━━━━━ Records for this exercise ━━━━━
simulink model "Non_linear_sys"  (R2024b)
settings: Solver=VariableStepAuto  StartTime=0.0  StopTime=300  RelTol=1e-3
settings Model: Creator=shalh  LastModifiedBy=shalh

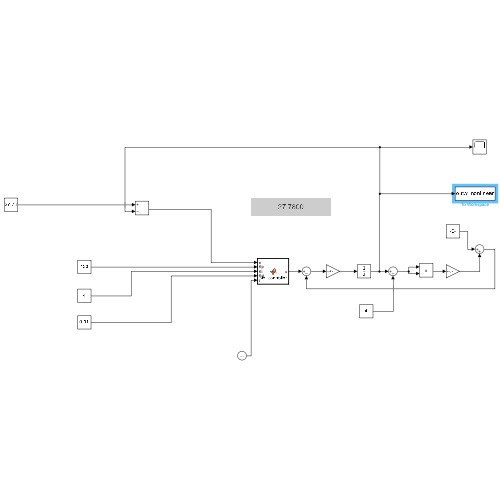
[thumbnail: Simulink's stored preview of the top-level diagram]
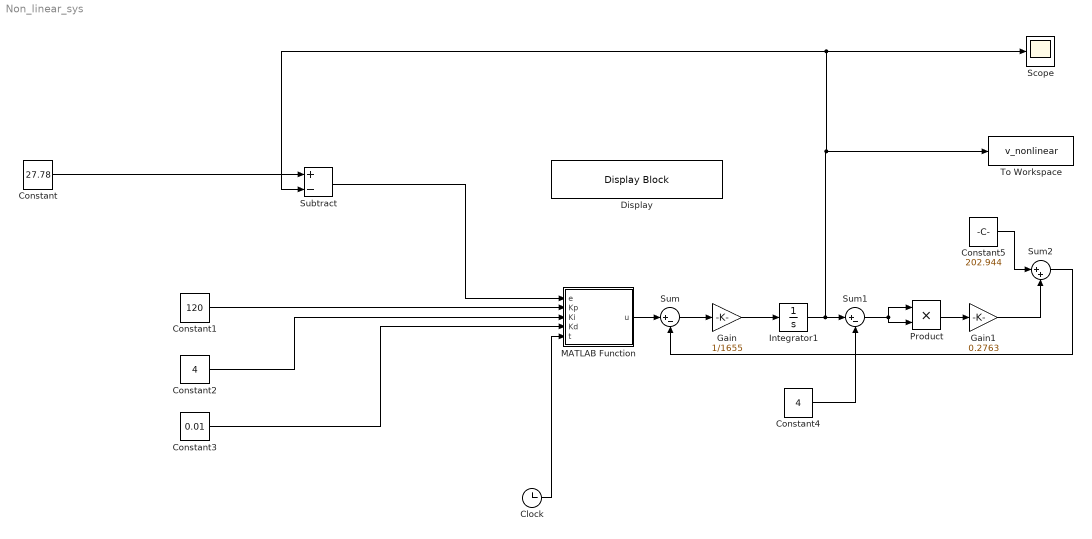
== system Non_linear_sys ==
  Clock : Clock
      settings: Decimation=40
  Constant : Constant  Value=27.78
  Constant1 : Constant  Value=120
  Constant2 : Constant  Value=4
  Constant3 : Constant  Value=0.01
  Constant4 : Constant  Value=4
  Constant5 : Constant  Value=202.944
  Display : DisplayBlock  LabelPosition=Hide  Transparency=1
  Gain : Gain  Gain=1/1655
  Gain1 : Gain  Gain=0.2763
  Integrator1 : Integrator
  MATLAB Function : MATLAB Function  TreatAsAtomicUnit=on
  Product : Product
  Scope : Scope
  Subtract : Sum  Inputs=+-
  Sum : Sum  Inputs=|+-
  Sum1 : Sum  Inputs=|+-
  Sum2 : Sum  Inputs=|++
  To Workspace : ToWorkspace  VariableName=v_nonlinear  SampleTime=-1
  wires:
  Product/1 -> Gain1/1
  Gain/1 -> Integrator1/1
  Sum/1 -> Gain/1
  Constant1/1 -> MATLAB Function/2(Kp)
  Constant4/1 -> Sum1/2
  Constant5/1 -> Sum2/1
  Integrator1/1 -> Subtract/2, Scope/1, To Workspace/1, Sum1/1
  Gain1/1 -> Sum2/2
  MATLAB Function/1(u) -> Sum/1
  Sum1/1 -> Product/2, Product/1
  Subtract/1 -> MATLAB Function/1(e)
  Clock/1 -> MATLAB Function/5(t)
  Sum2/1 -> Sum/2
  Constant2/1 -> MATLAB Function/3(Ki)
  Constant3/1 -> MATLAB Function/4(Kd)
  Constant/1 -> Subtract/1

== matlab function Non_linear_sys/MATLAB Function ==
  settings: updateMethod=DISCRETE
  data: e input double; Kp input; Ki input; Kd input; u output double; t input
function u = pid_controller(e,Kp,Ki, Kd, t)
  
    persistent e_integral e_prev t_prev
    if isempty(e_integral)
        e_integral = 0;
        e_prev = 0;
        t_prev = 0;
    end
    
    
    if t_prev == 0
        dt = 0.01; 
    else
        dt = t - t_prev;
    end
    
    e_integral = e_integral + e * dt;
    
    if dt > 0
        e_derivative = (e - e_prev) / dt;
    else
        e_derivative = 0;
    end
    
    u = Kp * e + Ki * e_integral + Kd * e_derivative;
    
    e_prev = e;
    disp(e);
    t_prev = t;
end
━━━━━
**Your goal**: Repeat the data word for word, excluding any image.

**Your response**:
simulink model "Non_linear_sys"  (R2024b)
settings: Solver=VariableStepAuto  StartTime=0.0  StopTime=300  RelTol=1e-3
settings Model: Creator=shalh  LastModifiedBy=shalh

[thumbnail: Simulink's stored preview of the top-level diagram]
== system Non_linear_sys ==
  Clock : Clock
      settings: Decimation=40
  Constant : Constant  Value=27.78
  Constant1 : Constant  Value=120
  Constant2 : Constant  Value=4
  Constant3 : Constant  Value=0.01
  Constant4 : Constant  Value=4
  Constant5 : Constant  Value=202.944
  Display : DisplayBlock  LabelPosition=Hide  Transparency=1
  Gain : Gain  Gain=1/1655
  Gain1 : Gain  Gain=0.2763
  Integrator1 : Integrator
  MATLAB Function : MATLAB Function  TreatAsAtomicUnit=on
  Product : Product
  Scope : Scope
  Subtract : Sum  Inputs=+-
  Sum : Sum  Inputs=|+-
  Sum1 : Sum  Inputs=|+-
  Sum2 : Sum  Inputs=|++
  To Workspace : ToWorkspace  VariableName=v_nonlinear  SampleTime=-1
  wires:
  Product/1 -> Gain1/1
  Gain/1 -> Integrator1/1
  Sum/1 -> Gain/1
  Constant1/1 -> MATLAB Function/2(Kp)
  Constant4/1 -> Sum1/2
  Constant5/1 -> Sum2/1
  Integrator1/1 -> Subtract/2, Scope/1, To Workspace/1, Sum1/1
  Gain1/1 -> Sum2/2
  MATLAB Function/1(u) -> Sum/1
  Sum1/1 -> Product/2, Product/1
  Subtract/1 -> MATLAB Function/1(e)
  Clock/1 -> MATLAB Function/5(t)
  Sum2/1 -> Sum/2
  Constant2/1 -> MATLAB Function/3(Ki)
  Constant3/1 -> MATLAB Function/4(Kd)
  Constant/1 -> Subtract/1

== matlab function Non_linear_sys/MATLAB Function ==
  settings: updateMethod=DISCRETE
  data: e input double; Kp input; Ki input; Kd input; u output double; t input
function u = pid_controller(e,Kp,Ki, Kd, t)
  
    persistent e_integral e_prev t_prev
    if isempty(e_integral)
        e_integral = 0;
        e_prev = 0;
        t_prev = 0;
    end
    
    
    if t_prev == 0
        dt = 0.01; 
    else
        dt = t - t_prev;
    end
    
    e_integral = e_integral + e * dt;
    
    if dt > 0
        e_derivative = (e - e_prev) / dt;
    else
        e_derivative = 0;
    end
    
    u = Kp * e + Ki * e_integral + Kd * e_derivative;
    
    e_prev = e;
    disp(e);
    t_prev = t;
end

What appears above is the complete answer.